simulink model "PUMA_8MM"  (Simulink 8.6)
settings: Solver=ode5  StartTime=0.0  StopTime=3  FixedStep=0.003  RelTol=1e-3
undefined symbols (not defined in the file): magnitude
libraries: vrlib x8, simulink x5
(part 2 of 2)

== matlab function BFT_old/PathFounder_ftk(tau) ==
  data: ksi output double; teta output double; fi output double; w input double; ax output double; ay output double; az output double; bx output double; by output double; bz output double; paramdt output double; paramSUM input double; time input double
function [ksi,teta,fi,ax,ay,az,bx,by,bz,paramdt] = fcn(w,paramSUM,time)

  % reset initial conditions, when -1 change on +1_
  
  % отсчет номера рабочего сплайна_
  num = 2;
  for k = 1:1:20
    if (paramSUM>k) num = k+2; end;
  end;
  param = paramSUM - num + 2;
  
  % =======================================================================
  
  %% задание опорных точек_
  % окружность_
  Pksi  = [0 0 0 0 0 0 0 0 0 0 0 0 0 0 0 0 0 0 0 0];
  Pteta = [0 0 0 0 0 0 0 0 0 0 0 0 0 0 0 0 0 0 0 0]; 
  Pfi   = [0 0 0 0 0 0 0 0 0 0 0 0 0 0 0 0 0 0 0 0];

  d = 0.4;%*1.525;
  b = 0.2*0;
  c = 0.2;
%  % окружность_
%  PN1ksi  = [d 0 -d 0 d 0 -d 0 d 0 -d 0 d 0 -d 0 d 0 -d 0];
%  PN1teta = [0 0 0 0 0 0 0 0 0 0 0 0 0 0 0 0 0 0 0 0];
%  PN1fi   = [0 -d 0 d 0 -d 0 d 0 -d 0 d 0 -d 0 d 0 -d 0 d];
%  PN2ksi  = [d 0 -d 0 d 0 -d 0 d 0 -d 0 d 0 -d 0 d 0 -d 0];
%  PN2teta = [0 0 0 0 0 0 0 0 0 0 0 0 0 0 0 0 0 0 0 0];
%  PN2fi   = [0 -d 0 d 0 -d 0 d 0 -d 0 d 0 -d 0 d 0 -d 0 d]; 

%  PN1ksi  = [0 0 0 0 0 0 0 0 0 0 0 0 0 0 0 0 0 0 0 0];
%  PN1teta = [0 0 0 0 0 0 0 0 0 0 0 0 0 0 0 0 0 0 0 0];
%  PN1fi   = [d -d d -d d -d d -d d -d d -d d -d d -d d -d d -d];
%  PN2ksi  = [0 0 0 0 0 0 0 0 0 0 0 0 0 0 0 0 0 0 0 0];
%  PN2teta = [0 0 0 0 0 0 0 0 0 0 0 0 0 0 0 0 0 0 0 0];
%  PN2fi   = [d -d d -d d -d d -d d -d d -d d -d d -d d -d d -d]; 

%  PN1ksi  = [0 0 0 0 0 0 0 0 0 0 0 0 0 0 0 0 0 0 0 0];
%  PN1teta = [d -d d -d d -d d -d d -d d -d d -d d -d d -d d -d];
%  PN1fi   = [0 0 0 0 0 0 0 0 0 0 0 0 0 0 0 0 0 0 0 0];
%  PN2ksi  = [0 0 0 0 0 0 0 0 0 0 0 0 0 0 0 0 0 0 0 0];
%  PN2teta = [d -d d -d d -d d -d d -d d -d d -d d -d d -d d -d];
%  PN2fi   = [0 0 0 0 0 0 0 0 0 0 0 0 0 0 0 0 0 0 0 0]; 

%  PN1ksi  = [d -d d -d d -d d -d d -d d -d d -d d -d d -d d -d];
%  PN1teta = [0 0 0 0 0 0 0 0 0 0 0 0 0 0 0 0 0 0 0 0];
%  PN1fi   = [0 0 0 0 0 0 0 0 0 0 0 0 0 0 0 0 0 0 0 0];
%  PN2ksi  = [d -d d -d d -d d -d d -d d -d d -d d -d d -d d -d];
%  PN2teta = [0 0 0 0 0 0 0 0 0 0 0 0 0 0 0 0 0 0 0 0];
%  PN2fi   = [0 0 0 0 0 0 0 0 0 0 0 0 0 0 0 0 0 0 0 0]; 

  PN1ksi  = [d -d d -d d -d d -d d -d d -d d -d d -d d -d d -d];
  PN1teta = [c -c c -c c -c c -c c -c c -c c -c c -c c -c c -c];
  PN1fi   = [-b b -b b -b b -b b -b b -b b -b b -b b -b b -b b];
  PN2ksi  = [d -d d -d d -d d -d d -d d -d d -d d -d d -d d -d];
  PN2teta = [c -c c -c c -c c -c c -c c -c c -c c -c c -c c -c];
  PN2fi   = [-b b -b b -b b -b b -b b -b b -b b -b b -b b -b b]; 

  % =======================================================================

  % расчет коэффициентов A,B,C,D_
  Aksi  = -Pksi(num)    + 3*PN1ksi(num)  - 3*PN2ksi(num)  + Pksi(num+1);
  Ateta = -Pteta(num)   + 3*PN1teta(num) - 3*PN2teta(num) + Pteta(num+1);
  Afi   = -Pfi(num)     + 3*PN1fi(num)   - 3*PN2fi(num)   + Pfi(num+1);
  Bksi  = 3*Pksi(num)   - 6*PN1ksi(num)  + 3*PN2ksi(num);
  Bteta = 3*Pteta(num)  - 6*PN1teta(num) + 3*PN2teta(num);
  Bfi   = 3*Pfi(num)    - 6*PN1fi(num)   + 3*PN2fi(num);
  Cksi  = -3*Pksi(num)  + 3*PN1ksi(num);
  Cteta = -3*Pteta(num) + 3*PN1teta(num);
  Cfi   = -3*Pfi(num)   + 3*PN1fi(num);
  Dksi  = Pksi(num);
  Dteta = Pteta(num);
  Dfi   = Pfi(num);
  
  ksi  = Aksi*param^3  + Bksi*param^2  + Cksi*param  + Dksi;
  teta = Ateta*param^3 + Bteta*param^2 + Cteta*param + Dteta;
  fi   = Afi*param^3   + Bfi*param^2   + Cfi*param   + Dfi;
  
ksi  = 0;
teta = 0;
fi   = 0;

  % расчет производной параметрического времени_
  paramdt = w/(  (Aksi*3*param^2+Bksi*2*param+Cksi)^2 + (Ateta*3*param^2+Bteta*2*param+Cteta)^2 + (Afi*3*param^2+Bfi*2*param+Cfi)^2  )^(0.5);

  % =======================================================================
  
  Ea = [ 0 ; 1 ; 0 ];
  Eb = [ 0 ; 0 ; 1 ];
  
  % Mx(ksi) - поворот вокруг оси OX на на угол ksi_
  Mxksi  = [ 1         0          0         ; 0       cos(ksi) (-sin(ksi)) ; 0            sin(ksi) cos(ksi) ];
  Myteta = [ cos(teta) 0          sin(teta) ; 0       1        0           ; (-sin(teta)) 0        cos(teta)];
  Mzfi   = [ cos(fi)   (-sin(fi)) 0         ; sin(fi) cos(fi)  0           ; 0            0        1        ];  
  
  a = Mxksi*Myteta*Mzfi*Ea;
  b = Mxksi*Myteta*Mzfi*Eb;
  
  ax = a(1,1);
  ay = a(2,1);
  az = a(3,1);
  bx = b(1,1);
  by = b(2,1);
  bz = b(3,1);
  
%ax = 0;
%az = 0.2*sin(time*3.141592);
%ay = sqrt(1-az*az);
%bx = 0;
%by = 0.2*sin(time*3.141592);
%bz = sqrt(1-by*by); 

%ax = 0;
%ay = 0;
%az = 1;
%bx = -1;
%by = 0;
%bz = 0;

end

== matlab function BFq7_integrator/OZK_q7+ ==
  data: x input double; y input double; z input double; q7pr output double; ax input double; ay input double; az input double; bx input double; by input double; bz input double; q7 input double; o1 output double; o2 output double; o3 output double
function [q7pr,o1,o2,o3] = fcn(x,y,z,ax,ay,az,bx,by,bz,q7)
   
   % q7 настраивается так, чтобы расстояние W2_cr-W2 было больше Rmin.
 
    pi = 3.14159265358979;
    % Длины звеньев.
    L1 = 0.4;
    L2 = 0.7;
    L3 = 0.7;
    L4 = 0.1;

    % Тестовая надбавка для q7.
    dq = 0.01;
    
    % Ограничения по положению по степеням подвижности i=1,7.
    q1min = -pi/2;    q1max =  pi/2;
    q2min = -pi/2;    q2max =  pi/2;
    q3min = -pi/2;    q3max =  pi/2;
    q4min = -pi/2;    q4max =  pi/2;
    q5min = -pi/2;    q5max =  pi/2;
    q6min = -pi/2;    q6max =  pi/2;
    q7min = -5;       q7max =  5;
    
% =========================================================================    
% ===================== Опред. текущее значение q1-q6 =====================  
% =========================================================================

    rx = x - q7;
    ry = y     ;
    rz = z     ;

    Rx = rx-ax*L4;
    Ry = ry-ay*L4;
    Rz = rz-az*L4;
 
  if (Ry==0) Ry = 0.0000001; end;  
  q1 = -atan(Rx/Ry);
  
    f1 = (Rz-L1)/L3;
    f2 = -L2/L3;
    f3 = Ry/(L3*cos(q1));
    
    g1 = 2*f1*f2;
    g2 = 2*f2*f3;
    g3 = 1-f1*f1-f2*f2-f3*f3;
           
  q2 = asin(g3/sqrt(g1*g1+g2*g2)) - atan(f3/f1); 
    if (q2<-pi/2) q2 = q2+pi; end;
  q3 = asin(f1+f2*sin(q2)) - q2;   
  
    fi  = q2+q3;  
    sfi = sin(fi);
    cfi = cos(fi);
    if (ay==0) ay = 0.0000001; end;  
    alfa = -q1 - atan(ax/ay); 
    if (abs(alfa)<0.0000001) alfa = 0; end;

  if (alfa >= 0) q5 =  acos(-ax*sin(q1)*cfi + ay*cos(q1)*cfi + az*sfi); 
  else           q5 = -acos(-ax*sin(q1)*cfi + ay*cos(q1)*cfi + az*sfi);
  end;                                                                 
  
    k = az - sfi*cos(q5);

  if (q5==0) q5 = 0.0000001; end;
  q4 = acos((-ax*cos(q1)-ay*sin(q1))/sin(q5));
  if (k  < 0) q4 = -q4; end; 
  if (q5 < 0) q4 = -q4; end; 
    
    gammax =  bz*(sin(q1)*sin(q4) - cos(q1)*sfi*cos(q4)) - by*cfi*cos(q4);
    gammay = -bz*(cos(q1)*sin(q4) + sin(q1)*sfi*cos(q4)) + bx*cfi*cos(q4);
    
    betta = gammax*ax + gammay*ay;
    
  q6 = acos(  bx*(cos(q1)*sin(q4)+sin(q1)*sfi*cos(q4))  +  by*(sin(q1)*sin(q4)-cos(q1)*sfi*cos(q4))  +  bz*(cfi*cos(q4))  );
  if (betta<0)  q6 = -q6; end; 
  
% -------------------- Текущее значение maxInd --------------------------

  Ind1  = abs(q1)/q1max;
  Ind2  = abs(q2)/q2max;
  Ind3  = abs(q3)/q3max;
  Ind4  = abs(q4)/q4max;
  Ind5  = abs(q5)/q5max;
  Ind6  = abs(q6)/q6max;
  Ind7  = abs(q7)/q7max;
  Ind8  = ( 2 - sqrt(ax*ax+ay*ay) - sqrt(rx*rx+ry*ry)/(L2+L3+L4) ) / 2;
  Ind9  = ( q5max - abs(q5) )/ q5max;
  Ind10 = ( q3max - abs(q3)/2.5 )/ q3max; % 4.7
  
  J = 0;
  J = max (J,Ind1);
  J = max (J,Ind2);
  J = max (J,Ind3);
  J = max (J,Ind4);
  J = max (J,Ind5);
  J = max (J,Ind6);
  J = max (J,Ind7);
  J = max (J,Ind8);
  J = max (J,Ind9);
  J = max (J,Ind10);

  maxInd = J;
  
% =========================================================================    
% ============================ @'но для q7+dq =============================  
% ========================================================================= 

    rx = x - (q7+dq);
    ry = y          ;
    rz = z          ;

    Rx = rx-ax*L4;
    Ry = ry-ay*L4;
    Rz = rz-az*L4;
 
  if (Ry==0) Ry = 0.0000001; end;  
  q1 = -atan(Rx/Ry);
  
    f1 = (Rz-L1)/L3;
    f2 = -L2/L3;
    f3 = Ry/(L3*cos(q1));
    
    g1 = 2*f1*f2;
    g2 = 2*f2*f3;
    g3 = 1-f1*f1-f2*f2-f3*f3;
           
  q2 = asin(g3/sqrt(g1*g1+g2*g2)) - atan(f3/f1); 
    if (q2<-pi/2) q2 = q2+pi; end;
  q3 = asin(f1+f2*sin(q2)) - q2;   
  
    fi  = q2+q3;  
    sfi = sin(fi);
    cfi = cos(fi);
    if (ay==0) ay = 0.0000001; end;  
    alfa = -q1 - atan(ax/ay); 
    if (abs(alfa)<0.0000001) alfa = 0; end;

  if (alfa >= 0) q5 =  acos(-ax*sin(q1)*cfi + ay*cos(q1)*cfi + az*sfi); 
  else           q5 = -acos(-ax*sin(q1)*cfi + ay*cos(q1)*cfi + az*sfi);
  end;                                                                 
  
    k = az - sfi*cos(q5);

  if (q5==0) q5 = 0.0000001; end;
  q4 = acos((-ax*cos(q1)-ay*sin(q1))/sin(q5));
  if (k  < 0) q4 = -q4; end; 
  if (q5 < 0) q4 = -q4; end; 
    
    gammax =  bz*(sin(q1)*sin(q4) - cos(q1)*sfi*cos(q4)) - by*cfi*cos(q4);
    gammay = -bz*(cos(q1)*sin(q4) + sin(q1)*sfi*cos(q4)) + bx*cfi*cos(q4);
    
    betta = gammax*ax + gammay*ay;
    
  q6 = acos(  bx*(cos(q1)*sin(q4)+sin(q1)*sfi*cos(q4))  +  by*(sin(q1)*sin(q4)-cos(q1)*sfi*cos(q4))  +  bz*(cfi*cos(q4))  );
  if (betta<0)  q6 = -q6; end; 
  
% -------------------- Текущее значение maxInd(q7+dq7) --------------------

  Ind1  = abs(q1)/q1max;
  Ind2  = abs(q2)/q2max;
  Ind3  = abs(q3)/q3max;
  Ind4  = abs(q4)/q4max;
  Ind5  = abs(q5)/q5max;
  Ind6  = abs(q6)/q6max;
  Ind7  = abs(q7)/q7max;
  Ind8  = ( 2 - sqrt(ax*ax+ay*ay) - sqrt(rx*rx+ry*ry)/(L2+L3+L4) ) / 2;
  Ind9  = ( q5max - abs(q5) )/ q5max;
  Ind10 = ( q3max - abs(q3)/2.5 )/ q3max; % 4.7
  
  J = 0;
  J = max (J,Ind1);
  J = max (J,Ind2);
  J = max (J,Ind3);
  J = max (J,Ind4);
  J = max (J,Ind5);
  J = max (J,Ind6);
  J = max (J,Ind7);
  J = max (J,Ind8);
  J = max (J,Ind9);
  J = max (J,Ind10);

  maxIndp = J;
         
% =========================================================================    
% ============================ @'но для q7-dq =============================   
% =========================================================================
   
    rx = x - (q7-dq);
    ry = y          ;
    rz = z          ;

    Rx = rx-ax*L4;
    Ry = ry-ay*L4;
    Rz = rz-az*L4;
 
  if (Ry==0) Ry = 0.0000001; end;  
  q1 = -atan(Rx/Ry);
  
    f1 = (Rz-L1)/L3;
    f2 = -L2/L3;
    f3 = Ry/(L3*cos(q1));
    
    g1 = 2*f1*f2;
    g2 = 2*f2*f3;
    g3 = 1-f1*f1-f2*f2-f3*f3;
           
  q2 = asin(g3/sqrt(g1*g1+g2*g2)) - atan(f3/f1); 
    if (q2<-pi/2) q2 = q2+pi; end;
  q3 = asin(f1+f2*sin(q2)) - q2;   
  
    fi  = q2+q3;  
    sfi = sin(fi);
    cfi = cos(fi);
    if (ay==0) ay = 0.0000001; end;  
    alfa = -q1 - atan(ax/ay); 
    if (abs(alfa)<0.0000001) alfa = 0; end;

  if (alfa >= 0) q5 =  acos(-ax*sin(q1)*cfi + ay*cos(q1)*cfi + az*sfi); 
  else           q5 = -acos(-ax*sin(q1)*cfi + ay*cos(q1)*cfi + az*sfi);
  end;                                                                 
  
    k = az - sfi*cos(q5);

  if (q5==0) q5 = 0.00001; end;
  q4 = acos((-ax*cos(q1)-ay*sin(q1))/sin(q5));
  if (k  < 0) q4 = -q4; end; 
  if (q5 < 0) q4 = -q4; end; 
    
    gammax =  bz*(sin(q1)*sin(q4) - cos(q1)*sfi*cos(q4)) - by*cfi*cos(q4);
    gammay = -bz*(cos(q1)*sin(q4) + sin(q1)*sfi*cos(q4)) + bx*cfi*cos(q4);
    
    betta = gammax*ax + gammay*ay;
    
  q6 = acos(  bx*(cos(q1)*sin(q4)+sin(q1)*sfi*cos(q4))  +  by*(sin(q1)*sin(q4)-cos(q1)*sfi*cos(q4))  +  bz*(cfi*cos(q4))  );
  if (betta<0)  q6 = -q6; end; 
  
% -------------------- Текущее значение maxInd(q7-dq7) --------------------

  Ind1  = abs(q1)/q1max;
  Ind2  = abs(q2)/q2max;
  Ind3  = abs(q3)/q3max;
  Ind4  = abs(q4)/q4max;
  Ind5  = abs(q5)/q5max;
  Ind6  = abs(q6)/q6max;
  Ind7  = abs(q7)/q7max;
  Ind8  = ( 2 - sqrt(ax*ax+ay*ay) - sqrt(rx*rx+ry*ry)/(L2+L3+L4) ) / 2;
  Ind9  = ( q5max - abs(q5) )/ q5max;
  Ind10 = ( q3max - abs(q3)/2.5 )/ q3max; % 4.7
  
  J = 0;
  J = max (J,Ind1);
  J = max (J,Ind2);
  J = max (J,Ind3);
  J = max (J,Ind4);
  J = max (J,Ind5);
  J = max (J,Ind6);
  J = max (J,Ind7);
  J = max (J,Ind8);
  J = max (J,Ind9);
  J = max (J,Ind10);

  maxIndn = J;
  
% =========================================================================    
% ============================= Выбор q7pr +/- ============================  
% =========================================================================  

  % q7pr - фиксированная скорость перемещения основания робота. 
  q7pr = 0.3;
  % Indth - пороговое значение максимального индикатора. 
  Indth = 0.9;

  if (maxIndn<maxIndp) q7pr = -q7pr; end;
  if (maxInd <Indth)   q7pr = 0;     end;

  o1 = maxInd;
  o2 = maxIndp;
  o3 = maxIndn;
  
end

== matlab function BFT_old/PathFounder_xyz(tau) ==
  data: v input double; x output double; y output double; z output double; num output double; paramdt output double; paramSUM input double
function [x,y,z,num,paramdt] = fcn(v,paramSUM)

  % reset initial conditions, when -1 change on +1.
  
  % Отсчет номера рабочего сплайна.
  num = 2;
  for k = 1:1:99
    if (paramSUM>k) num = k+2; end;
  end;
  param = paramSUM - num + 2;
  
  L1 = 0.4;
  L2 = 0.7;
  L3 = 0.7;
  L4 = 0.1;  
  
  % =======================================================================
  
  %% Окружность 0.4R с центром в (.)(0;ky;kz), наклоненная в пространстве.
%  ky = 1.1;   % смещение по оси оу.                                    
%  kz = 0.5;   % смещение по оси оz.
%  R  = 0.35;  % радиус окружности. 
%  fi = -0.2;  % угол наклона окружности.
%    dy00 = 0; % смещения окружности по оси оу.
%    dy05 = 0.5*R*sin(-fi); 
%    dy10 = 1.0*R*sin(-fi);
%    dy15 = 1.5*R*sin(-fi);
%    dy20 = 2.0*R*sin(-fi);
*-*-*
• _Brief_:
Every line from the first entry to the line containing "matlab function BFT_old/PathFounder_ftk(tau)" should be transcribed exactly, and nothing beyond it.

• _Answer space_:
simulink model "PUMA_8MM"  (Simulink 8.6)
settings: Solver=ode5  StartTime=0.0  StopTime=3  FixedStep=0.003  RelTol=1e-3
undefined symbols (not defined in the file): magnitude
libraries: vrlib x8, simulink x5
(part 2 of 2)

== matlab function BFT_old/PathFounder_ftk(tau) ==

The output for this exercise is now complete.